Atheism By Gender Over Time |
August 13th, 2015 |
gender |
One place to look is the General Social Survey (GSS). This is a set of responses to survey questions asked since 1972, and while some questions aren't asked every year there is a lot of overalap. This makes it a good fit for seeing how people's views have changed over time.
Starting in 1988 the GSS asked:
Please look at this card and tell me which statement comes closest to expressing what you believe about God.Responses of "don't know" and "no answer" were also possible. I coded people as "skeptic" if they answered with one of the first two responses: people who don't believe in God or believe there's no way to find out. Graphing these as a percentage of the population of each gender we get:
- I don't believe in God.
- I don't know whether there is a God and I don't believe there is any way to find out.
- I don't believe in a personal God, but I do believe in a Higher Power of some kind.
- I find myself believing in God some of the time, but not at others.
- While I have doubts, I feel that I do believe in God.

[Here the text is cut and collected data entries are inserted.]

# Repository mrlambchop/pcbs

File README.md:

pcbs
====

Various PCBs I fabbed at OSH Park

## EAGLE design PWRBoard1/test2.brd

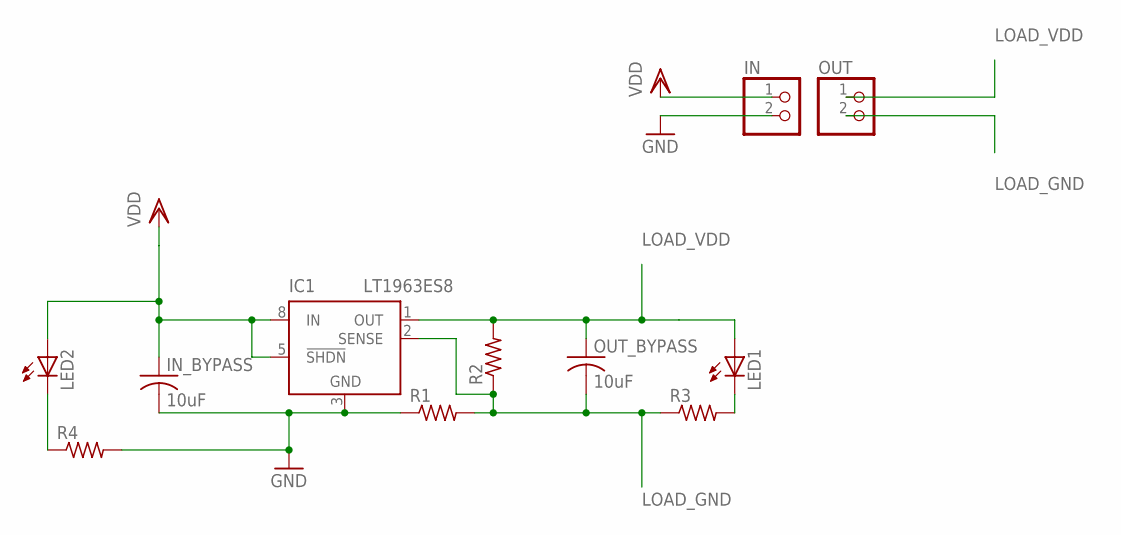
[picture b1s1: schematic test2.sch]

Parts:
IC1: LT1963ES8; SOIC8
IN: PINHD-1X2; 1X02
IN_BYPASS: 10uF; C1206
LED1, LED2: LEDCHIPLED_1206; CHIPLED_1206
OUT: PINHD-1X2; 1X02
OUT_BYPASS: 10uF; C1206
R1, R2, R3, R4: R-US_R1206; R1206

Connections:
GND: IC1.3 (GND), IC1.6 (GND), IC1.7 (GND), IN.2, IN_BYPASS.2, R1.1, R4.2
LOAD_GND: IC1.2 (SENSE), OUT.2, OUT_BYPASS.2, R1.2, R2.1, R3.1
LOAD_VDD: IC1.1 (OUT), LED1.A, OUT.1, OUT_BYPASS.1, R2.2
unnamed: LED2.C, R4.1
unnamed: LED1.C, R3.2
VDD: IC1.5 (!SHDN), IC1.8 (IN), IN.1, IN_BYPASS.1, LED2.A

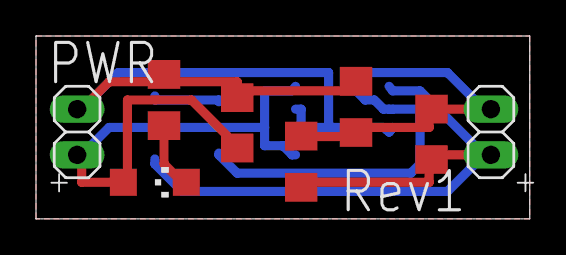
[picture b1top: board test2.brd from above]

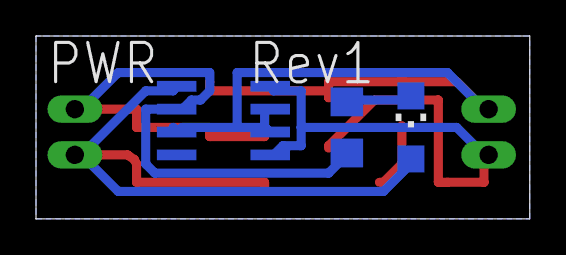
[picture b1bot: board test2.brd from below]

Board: 2 copper layers, 27.4 x 10.2 mm, 11 parts (3 on the bottom side), 6 nets.

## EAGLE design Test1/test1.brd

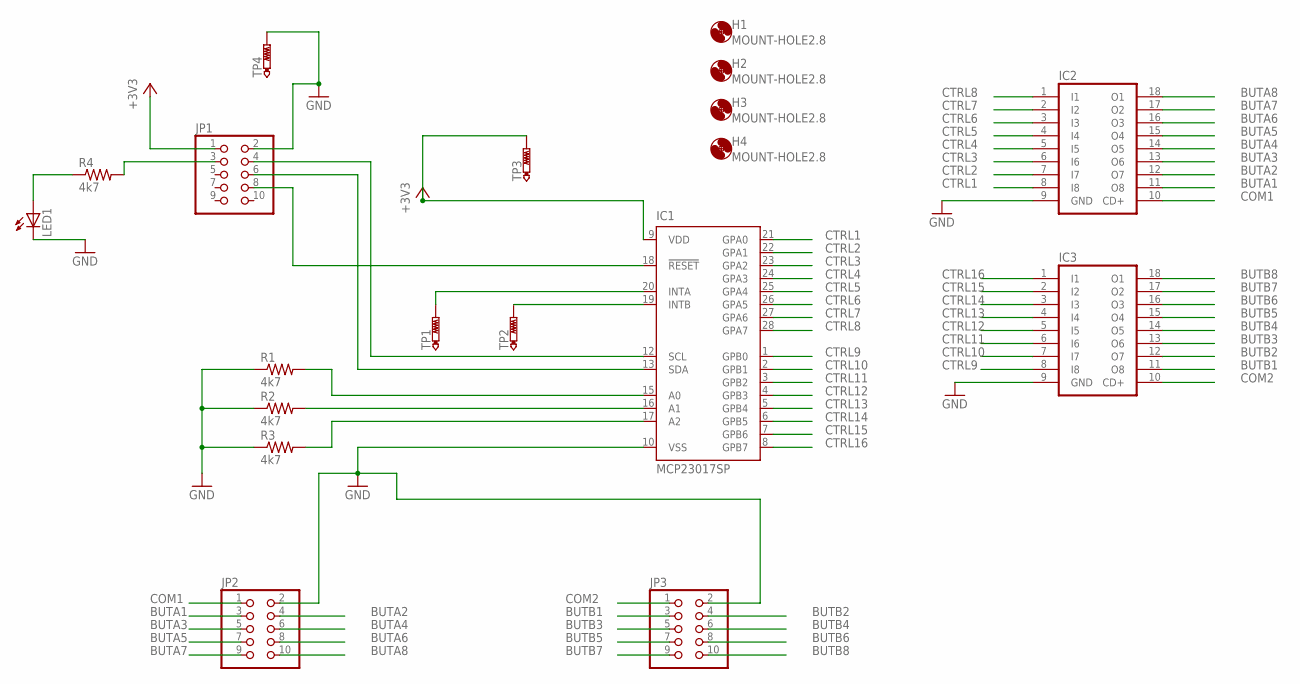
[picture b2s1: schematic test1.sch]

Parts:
H1, H2, H3, H4: MOUNT-HOLE2.8; 2,8
IC1: MCP23017SP; DIL28-3
IC2, IC3: ULN2803A; DIL18
JP1, JP2, JP3: PINHD-2X5; 2X05
LED1: LED5MM
R1, R2, R3, R4: 4k7; 0207/2V
TP1, TP2, TP3, TP4: PTR1B2,54; B2,54

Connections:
+3V3: IC1.9 (VDD), JP1.1, TP3.TP
BUTA1: IC2.11 (O8), JP2.3
BUTA2: IC2.12 (O7), JP2.4
BUTA3: IC2.13 (O6), JP2.5
BUTA4: IC2.14 (O5), JP2.6
BUTA5: IC2.15 (O4), JP2.7
BUTA6: IC2.16 (O3), JP2.8
BUTA7: IC2.17 (O2), JP2.9
BUTA8: IC2.18 (O1), JP2.10
BUTB1: IC3.11 (O8), JP3.3
BUTB2: IC3.12 (O7), JP3.4
BUTB3: IC3.13 (O6), JP3.5
BUTB4: IC3.14 (O5), JP3.6
BUTB5: IC3.15 (O4), JP3.7
BUTB6: IC3.16 (O3), JP3.8
BUTB7: IC3.17 (O2), JP3.9
BUTB8: IC3.18 (O1), JP3.10
COM1: IC2.10 (CD+), JP2.1
COM2: IC3.10 (CD+), JP3.1
CTRL1: IC1.21 (GPA0), IC2.8 (I8)
CTRL2: IC1.22 (GPA1), IC2.7 (I7)
CTRL3: IC1.23 (GPA2), IC2.6 (I6)
CTRL4: IC1.24 (GPA3), IC2.5 (I5)
CTRL5: IC1.25 (GPA4), IC2.4 (I4)
CTRL6: IC1.26 (GPA5), IC2.3 (I3)
CTRL7: IC1.27 (GPA6), IC2.2 (I2)
CTRL8: IC1.28 (GPA7), IC2.1 (I1)
CTRL9: IC1.1 (GPB0), IC3.8 (I8)
CTRL10: IC1.2 (GPB1), IC3.7 (I7)
CTRL11: IC1.3 (GPB2), IC3.6 (I6)
CTRL12: IC1.4 (GPB3), IC3.5 (I5)
CTRL13: IC1.5 (GPB4), IC3.4 (I4)
CTRL14: IC1.6 (GPB5), IC3.3 (I3)
CTRL15: IC1.7 (GPB6), IC3.2 (I2)
CTRL16: IC1.8 (GPB7), IC3.1 (I1)
GND: IC1.10 (VSS), IC2.9 (GND), IC3.9 (GND), JP1.2, JP2.2, JP3.2, LED1.K (C), R1.1, R2.1, R3.1, TP4.TP
unnamed: IC1.13 (SDA), JP1.6
unnamed: IC1.12 (SCL), JP1.4
unnamed: IC1.15 (A0), R1.2
unnamed: IC1.16 (A1), R2.2
unnamed: IC1.17 (A2), R3.2
unnamed: IC1.18 (!RESET), JP1.8
unnamed: JP1.3, R4.2
unnamed: LED1.A, R4.1
unnamed: IC1.20 (INTA), TP1.TP
unnamed: IC1.19 (INTB), TP2.TP

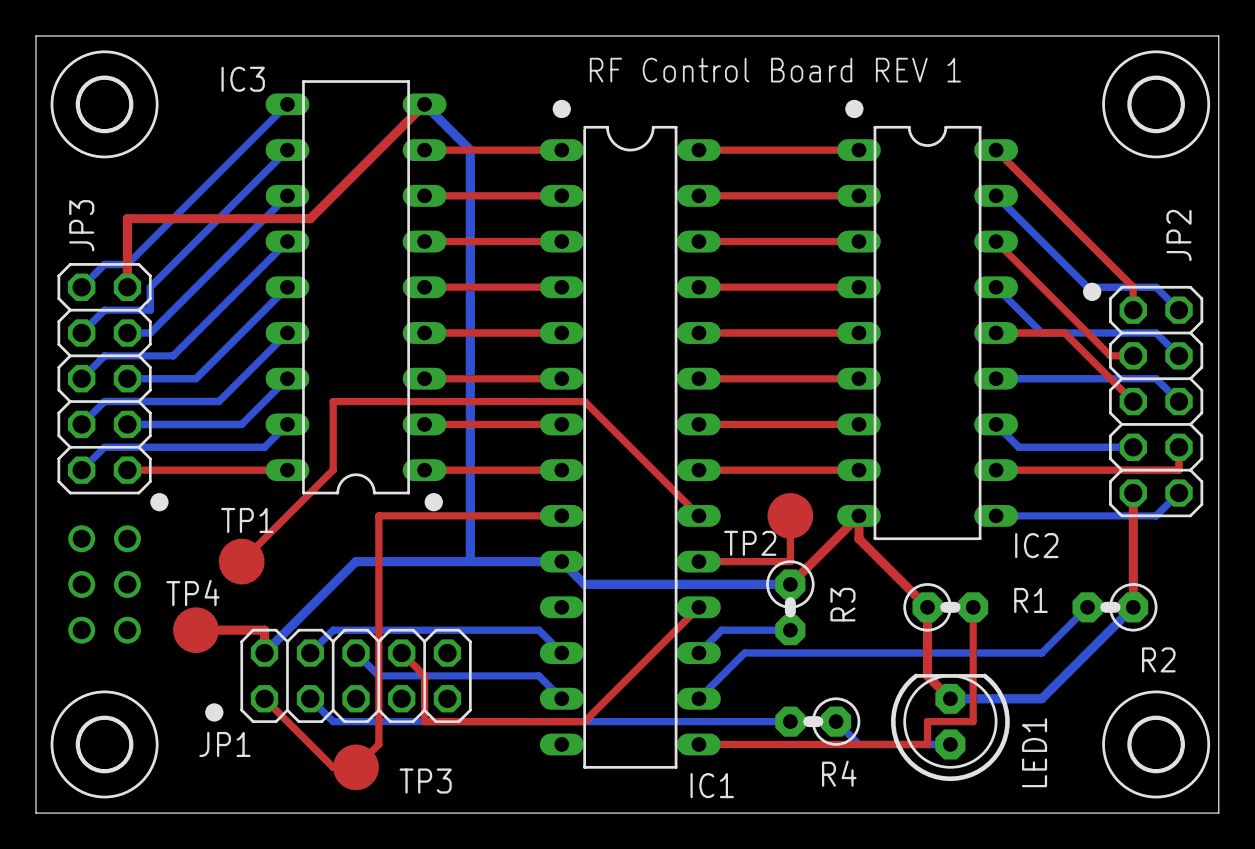
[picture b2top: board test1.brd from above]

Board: 2 copper layers, 65.7 x 43.2 mm, 19 parts (0 on the bottom side), 46 nets.

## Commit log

2014-01-03 Board file as submitted to OSH Park (Test1 - see how the fab service works)
2014-02-12 Add in the power board

- I know God really exists and I have no doubts about it.
The sample sizes are pretty small, but the 2006-2012 data is kind of strange. The gender ratio at the 2000 survey was near 50%, and in 2014 it was again near 50%, but in 2006, 2008, 2010, and 2012 it was much more uneven. I'm really not sure what happened here.
Another place to look for something similar is the CIRP survey, including tens of thousands of students at hundreds of colleges. Students are asked what their current religious preference is. Allen Downey graphed the percentage of men and women answering "None" over time:
(Note that this isn't quite the question I'd like, since someone can be non-religious but still believe in God, but it's close.)
This is much less noisy than the GSS data, enough that the way the curves track each other is kind of suspicious. The number of respondents is much higher, though, so that could explain it. It does look like the gender ratio is becoming much more balanced, from 41% female in the late 70s to 47% female in the latest data. [1]
I don't have any hard conclusions to draw from all this, I just wanted to see what the numbers looked like over time.
[1] Downey looks at the gender gap in percentage points over time and
concludes the opposite: "the gender gap seems to be growing". But
if you have a group that's X% female and you double the number of
members as a fraction of the larger population you'll see a
doubling of the gender gap in percentage points without a change
in the gender ratio. The gender ratio in the CIRP data is
becoming more balanced, and the slightly increasing gap in
percentage points is just an artifact of growing numbers.